:: Source data ::
**********
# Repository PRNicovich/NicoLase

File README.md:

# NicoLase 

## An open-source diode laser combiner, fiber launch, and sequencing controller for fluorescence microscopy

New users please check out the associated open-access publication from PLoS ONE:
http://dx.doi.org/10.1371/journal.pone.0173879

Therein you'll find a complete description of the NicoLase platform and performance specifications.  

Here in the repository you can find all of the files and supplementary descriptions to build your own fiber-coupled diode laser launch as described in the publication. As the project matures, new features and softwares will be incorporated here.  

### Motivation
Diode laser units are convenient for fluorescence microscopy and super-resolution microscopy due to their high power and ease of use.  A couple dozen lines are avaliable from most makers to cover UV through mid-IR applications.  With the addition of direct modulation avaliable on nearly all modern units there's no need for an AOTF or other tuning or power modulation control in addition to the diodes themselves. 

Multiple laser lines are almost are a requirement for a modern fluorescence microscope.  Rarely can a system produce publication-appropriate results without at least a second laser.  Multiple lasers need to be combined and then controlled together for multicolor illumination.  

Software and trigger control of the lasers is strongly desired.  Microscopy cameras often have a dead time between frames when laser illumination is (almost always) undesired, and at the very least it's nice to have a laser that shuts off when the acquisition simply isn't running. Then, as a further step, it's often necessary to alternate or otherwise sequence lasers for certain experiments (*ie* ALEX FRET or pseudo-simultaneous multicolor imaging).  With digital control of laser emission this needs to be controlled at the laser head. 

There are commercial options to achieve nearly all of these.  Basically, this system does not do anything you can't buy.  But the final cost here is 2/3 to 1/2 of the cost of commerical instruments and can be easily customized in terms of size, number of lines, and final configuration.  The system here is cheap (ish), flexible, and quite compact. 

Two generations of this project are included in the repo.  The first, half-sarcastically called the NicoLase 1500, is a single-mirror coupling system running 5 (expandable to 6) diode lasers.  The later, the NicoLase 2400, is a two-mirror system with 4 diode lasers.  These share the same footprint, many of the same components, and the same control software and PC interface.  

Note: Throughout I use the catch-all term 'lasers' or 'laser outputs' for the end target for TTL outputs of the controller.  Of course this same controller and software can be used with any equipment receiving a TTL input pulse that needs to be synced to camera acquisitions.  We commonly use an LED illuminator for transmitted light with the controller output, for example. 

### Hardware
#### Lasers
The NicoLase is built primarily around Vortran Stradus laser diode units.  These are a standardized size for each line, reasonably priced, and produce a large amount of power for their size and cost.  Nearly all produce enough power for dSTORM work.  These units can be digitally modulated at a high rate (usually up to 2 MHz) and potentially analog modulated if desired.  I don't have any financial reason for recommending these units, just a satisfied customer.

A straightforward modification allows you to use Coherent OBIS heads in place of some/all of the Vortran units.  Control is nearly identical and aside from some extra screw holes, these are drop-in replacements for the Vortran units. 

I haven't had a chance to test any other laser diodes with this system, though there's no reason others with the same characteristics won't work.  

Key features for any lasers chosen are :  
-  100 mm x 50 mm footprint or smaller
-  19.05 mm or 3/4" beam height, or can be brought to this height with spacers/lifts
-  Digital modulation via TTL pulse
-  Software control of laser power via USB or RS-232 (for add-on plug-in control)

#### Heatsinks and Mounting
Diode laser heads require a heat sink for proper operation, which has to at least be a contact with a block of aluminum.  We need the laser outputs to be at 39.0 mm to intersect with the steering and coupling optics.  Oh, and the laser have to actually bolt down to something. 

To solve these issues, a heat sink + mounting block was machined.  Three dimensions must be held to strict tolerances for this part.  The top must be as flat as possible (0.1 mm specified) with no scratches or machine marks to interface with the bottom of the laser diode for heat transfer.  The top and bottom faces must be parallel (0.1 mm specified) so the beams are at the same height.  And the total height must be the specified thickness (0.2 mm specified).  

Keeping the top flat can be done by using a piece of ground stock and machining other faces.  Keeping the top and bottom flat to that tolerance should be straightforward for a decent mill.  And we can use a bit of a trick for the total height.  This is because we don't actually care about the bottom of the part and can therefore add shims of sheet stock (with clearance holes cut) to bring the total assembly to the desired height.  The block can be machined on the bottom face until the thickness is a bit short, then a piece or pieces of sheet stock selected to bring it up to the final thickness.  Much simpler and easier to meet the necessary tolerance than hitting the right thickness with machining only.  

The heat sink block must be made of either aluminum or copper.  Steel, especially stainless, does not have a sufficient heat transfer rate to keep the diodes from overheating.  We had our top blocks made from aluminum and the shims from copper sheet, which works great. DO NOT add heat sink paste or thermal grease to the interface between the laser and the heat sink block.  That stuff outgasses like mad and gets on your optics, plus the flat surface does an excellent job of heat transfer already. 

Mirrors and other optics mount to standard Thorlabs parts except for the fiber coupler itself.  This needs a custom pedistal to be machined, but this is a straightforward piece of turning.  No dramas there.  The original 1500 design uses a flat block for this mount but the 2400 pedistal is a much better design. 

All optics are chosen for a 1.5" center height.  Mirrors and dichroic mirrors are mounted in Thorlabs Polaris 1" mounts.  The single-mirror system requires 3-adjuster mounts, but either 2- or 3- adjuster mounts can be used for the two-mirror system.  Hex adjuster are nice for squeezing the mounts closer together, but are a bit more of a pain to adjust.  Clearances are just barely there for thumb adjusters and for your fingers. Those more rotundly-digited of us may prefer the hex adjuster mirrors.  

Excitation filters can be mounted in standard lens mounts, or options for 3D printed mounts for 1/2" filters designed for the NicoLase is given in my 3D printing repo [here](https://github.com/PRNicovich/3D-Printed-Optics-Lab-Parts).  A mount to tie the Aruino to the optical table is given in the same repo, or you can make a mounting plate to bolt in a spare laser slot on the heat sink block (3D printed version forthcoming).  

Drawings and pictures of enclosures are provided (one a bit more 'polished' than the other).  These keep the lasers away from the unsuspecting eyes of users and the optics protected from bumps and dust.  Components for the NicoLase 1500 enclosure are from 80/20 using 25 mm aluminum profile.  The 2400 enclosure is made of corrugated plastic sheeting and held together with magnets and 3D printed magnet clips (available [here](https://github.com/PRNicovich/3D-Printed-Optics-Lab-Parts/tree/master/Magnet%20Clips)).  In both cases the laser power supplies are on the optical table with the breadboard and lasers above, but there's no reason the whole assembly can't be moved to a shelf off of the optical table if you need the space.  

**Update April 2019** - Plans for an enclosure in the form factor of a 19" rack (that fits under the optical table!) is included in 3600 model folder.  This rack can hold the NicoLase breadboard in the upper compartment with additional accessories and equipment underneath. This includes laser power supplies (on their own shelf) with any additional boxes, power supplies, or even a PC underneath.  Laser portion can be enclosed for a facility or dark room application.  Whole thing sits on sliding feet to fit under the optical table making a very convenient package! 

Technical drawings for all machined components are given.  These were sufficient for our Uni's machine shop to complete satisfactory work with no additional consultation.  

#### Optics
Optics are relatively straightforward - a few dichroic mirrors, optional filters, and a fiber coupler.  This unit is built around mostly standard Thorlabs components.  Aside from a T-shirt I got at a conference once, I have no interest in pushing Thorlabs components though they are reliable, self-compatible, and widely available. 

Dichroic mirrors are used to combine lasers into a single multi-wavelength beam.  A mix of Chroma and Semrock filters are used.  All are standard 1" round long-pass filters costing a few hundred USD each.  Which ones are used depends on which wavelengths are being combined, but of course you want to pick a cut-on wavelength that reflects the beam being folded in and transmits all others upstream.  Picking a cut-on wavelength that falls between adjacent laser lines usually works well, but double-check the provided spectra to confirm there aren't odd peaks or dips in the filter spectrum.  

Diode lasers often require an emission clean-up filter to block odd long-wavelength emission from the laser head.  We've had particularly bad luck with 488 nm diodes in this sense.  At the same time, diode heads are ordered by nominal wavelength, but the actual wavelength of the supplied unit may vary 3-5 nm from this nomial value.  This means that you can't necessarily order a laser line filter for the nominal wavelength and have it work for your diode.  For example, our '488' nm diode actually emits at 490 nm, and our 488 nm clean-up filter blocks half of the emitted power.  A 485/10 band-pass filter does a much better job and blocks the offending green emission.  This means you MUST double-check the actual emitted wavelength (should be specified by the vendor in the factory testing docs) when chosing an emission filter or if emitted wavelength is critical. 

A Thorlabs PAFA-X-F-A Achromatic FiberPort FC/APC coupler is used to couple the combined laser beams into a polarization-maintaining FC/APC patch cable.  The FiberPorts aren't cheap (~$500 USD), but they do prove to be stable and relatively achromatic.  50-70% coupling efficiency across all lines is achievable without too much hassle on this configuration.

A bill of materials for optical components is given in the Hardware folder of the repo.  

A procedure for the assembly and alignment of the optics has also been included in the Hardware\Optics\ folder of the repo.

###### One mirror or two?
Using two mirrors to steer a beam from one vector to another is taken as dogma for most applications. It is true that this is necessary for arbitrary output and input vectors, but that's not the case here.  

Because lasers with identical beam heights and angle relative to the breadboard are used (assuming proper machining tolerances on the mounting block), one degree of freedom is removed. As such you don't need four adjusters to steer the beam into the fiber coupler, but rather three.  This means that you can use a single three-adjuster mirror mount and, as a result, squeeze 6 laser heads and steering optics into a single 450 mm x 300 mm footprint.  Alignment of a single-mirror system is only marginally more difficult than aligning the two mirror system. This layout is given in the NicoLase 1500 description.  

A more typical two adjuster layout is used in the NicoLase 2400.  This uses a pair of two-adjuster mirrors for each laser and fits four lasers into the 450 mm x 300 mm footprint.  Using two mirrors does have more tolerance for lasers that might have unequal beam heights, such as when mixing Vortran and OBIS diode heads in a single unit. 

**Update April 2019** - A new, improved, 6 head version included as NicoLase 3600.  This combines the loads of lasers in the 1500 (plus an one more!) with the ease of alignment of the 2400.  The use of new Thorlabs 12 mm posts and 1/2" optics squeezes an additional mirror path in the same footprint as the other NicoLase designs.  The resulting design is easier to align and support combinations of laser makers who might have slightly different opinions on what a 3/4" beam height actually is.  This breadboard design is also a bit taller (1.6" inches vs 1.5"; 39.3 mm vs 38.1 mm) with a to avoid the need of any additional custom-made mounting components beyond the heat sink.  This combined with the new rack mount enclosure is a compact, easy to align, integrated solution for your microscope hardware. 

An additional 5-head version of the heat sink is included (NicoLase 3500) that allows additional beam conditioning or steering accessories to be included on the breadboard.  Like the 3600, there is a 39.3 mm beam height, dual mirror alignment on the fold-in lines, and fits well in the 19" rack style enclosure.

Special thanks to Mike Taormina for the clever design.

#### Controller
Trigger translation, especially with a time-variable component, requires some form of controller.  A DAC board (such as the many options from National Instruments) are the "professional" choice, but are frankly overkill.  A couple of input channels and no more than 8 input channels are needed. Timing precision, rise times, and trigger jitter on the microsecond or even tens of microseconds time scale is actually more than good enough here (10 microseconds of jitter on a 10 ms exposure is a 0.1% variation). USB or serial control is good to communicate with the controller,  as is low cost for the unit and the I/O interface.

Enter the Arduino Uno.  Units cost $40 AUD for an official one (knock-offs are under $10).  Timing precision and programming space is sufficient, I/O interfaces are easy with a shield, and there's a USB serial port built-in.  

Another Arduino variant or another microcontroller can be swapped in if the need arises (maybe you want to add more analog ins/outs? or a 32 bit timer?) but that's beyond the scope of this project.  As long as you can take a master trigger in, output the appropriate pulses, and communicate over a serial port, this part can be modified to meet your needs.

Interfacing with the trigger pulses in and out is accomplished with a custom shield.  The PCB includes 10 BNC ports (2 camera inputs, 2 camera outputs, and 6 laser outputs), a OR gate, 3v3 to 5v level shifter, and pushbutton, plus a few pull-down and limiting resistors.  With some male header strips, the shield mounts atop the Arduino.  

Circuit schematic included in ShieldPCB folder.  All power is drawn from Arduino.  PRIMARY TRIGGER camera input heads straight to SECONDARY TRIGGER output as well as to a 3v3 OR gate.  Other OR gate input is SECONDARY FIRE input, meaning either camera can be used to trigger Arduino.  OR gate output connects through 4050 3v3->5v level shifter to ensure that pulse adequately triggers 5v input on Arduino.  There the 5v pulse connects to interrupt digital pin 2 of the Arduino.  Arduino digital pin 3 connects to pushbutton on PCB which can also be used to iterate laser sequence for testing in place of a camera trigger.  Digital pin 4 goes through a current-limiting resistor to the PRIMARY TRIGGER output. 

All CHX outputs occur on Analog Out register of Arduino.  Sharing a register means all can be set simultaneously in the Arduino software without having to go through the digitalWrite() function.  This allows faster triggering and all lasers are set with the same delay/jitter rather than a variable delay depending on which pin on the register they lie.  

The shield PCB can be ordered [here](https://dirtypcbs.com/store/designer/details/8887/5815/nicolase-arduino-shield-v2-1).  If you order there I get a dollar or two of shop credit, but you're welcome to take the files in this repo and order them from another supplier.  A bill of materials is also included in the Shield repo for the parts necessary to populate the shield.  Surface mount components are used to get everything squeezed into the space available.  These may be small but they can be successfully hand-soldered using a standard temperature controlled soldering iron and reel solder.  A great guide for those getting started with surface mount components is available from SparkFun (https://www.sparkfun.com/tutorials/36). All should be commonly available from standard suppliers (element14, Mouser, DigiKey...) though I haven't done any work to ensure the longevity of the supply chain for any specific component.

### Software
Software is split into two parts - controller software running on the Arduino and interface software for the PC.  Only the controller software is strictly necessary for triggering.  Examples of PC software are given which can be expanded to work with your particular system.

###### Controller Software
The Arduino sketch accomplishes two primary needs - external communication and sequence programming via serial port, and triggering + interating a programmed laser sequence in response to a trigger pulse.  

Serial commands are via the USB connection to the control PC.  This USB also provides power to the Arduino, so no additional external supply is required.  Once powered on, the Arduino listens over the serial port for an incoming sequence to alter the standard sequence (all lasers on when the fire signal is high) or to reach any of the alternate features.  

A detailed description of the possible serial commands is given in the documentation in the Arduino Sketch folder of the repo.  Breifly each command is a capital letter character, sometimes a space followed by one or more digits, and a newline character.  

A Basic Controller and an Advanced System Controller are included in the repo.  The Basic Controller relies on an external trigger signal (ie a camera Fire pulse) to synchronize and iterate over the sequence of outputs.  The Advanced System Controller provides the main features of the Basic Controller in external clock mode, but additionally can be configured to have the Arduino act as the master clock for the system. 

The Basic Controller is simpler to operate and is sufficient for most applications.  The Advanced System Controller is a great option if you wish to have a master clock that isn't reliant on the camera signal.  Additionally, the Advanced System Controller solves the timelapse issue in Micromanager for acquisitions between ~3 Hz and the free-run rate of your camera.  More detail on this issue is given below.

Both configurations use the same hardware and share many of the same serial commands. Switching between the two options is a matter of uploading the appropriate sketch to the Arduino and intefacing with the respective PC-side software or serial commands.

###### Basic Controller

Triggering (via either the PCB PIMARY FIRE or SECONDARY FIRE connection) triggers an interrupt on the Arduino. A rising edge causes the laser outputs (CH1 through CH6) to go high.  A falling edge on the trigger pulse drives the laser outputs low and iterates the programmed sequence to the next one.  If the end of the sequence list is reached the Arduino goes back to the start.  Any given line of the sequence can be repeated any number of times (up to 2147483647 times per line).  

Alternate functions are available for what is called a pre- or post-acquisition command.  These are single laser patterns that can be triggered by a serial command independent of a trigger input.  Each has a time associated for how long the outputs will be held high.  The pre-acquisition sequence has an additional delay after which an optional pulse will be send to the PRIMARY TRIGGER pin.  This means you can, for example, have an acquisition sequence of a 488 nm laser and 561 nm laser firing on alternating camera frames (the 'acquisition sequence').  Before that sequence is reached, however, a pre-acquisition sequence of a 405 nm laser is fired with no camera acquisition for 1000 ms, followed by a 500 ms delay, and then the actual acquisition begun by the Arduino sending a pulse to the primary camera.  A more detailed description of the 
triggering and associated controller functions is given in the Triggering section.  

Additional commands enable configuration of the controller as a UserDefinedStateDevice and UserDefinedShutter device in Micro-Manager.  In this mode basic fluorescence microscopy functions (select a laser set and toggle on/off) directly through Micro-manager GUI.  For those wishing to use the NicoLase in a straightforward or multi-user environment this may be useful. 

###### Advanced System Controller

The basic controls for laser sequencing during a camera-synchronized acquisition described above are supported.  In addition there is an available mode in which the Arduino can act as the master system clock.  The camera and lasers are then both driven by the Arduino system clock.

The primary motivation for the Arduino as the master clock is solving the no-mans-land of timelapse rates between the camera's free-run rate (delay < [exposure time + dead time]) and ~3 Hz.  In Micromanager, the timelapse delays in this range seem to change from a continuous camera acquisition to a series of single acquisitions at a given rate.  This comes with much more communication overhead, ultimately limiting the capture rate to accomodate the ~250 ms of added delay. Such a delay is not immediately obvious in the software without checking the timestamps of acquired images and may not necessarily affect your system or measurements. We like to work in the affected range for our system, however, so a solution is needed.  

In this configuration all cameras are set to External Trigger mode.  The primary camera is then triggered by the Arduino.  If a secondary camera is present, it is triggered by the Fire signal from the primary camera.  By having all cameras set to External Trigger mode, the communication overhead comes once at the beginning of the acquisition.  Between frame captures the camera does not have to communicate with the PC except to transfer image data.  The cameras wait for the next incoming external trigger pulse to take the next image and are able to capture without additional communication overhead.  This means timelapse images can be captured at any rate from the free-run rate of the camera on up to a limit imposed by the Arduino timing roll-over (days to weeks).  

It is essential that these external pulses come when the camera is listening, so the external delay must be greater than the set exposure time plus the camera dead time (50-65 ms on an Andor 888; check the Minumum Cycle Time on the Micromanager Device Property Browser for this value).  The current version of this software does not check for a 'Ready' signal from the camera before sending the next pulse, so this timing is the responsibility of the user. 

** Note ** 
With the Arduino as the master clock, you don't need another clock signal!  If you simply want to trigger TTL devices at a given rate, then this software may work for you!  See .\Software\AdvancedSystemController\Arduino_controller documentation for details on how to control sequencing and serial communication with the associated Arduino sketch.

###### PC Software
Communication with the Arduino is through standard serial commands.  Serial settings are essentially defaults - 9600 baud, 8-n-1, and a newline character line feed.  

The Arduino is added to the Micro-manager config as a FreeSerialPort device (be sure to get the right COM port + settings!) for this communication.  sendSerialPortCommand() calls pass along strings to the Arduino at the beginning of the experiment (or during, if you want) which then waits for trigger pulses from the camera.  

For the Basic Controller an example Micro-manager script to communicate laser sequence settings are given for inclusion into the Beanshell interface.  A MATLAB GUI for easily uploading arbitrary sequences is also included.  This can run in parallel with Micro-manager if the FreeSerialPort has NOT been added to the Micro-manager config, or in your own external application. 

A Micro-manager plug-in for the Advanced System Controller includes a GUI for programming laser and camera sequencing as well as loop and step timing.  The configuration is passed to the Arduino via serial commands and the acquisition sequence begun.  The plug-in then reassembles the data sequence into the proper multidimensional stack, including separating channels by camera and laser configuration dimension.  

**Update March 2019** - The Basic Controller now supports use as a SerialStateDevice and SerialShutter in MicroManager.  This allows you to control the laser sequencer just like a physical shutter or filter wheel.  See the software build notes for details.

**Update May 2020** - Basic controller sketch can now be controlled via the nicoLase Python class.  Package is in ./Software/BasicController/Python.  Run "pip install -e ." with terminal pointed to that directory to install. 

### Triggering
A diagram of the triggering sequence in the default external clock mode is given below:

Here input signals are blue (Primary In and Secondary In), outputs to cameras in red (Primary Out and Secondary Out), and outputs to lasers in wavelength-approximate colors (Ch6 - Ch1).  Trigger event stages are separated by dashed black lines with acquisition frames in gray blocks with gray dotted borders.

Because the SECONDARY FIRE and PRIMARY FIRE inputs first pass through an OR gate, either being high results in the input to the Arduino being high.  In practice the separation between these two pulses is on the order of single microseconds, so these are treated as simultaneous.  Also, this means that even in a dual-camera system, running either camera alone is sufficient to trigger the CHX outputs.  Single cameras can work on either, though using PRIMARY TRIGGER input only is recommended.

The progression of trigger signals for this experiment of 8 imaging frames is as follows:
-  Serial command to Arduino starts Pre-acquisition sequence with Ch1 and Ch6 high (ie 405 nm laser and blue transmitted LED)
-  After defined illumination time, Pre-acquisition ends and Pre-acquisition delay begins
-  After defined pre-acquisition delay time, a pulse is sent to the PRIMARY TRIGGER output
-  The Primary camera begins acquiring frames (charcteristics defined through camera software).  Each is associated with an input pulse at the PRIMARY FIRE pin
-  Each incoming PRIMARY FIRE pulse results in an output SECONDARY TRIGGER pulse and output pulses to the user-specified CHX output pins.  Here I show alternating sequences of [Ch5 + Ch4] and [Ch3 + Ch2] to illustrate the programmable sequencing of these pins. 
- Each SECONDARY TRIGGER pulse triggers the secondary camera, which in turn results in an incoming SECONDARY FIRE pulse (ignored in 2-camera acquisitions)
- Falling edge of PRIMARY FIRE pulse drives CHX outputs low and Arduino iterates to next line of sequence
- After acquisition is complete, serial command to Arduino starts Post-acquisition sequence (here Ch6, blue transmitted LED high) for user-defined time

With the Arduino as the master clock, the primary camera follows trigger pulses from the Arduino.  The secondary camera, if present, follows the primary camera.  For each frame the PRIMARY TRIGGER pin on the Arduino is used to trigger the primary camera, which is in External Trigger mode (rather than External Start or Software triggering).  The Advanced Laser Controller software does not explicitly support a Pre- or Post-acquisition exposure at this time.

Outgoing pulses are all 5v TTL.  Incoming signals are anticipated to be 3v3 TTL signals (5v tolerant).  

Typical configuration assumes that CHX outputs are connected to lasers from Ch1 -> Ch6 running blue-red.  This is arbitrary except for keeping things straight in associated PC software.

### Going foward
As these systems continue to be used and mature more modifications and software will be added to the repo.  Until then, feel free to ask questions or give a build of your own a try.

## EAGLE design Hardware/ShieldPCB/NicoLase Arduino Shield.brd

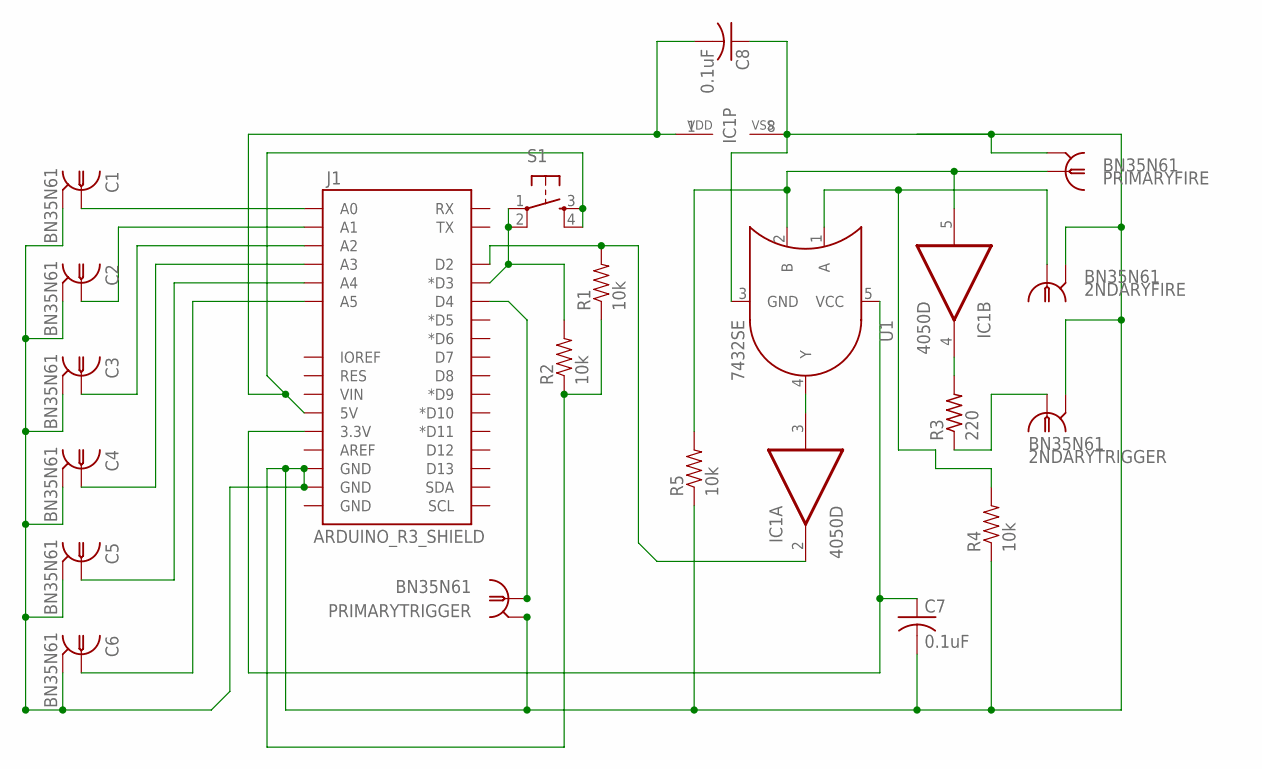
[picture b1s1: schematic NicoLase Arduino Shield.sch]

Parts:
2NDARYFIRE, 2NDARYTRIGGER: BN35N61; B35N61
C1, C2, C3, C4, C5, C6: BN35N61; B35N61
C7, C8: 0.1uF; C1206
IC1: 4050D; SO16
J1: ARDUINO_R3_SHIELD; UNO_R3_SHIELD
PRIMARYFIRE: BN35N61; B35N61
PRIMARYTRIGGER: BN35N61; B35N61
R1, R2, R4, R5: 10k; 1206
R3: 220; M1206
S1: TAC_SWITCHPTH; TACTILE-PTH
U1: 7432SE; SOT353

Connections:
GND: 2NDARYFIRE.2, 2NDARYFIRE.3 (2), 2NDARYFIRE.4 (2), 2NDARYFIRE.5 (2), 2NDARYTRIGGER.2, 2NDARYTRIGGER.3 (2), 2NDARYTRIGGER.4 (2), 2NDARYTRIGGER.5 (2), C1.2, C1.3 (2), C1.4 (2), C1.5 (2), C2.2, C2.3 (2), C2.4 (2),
**********
:: Task to complete ::
Write only the number of lines in the records that include the word "open".

:: Task output ::
2